• **To do**: Repeat only these lines, exactly: the first line of the data, the line containing "line L0 (0, 0) -> (-1828.8, 0)", and every line between them. Pictures stay out.

• **Material provided**:
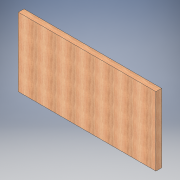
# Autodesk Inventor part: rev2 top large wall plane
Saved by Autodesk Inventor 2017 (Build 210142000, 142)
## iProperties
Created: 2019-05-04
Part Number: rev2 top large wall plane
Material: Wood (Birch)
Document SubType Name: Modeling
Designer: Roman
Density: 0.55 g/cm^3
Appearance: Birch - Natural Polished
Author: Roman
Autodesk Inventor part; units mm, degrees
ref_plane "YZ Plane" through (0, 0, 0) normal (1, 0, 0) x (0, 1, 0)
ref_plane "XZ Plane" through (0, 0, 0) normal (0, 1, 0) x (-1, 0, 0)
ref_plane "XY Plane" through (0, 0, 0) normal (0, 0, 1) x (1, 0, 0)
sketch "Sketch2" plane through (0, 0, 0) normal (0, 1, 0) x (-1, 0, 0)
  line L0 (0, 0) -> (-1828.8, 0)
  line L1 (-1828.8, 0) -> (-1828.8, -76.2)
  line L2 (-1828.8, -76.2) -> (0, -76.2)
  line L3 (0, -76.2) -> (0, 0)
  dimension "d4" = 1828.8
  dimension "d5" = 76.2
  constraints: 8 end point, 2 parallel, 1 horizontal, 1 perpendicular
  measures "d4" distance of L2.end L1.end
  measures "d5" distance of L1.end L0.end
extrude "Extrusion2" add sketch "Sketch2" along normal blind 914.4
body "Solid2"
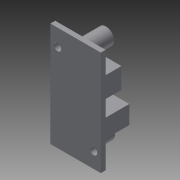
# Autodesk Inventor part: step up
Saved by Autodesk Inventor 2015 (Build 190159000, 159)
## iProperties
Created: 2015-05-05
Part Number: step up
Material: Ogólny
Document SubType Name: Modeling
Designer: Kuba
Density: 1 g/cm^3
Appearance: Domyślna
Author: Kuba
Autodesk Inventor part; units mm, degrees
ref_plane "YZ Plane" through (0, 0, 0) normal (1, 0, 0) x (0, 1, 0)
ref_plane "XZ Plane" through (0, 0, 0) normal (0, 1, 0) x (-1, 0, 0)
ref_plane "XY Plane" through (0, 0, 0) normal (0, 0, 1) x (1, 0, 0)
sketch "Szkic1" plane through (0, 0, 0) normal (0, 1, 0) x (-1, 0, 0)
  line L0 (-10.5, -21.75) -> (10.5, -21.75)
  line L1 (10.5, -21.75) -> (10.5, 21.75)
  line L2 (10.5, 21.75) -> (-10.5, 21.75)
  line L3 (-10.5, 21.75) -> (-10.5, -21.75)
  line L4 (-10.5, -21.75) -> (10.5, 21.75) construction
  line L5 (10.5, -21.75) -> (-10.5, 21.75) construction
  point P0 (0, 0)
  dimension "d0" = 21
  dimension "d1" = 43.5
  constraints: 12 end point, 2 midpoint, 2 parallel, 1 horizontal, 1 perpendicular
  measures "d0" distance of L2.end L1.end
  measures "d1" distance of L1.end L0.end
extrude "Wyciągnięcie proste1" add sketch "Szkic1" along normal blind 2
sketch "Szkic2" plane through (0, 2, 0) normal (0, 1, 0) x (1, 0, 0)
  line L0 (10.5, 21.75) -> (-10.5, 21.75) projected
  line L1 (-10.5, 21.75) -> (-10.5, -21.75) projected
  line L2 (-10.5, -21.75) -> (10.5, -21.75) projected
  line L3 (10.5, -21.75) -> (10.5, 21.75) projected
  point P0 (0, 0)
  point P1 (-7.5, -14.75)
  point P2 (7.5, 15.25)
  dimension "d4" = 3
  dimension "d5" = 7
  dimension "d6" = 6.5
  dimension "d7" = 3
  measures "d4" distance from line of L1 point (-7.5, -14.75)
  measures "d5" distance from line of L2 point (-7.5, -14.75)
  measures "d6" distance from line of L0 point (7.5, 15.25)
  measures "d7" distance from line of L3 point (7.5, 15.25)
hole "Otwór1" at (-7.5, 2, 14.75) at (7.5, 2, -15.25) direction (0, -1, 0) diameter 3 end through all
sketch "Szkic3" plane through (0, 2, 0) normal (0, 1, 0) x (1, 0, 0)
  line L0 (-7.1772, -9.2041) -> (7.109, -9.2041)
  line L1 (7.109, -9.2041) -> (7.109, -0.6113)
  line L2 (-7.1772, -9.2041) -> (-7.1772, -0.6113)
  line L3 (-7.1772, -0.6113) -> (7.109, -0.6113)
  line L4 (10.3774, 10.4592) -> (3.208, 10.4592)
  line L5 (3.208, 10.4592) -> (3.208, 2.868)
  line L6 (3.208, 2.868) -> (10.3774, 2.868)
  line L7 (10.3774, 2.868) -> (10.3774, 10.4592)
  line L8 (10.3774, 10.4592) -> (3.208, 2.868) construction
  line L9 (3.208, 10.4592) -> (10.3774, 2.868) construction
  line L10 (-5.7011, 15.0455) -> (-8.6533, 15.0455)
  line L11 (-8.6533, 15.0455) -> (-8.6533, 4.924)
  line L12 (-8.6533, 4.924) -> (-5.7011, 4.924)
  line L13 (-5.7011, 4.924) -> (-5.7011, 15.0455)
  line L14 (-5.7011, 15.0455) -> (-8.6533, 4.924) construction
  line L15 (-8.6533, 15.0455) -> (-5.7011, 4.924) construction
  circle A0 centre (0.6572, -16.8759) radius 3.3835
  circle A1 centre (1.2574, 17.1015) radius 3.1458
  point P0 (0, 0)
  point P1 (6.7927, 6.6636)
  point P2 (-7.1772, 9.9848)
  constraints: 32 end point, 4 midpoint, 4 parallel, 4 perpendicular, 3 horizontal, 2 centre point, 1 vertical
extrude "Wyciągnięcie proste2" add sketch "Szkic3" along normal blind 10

• **Output for this task**:
# Autodesk Inventor part: rev2 top large wall plane
Saved by Autodesk Inventor 2017 (Build 210142000, 142)
## iProperties
Created: 2019-05-04
Part Number: rev2 top large wall plane
Material: Wood (Birch)
Document SubType Name: Modeling
Designer: Roman
Density: 0.55 g/cm^3
Appearance: Birch - Natural Polished
Author: Roman
Autodesk Inventor part; units mm, degrees
ref_plane "YZ Plane" through (0, 0, 0) normal (1, 0, 0) x (0, 1, 0)
ref_plane "XZ Plane" through (0, 0, 0) normal (0, 1, 0) x (-1, 0, 0)
ref_plane "XY Plane" through (0, 0, 0) normal (0, 0, 1) x (1, 0, 0)
sketch "Sketch2" plane through (0, 0, 0) normal (0, 1, 0) x (-1, 0, 0)
  line L0 (0, 0) -> (-1828.8, 0)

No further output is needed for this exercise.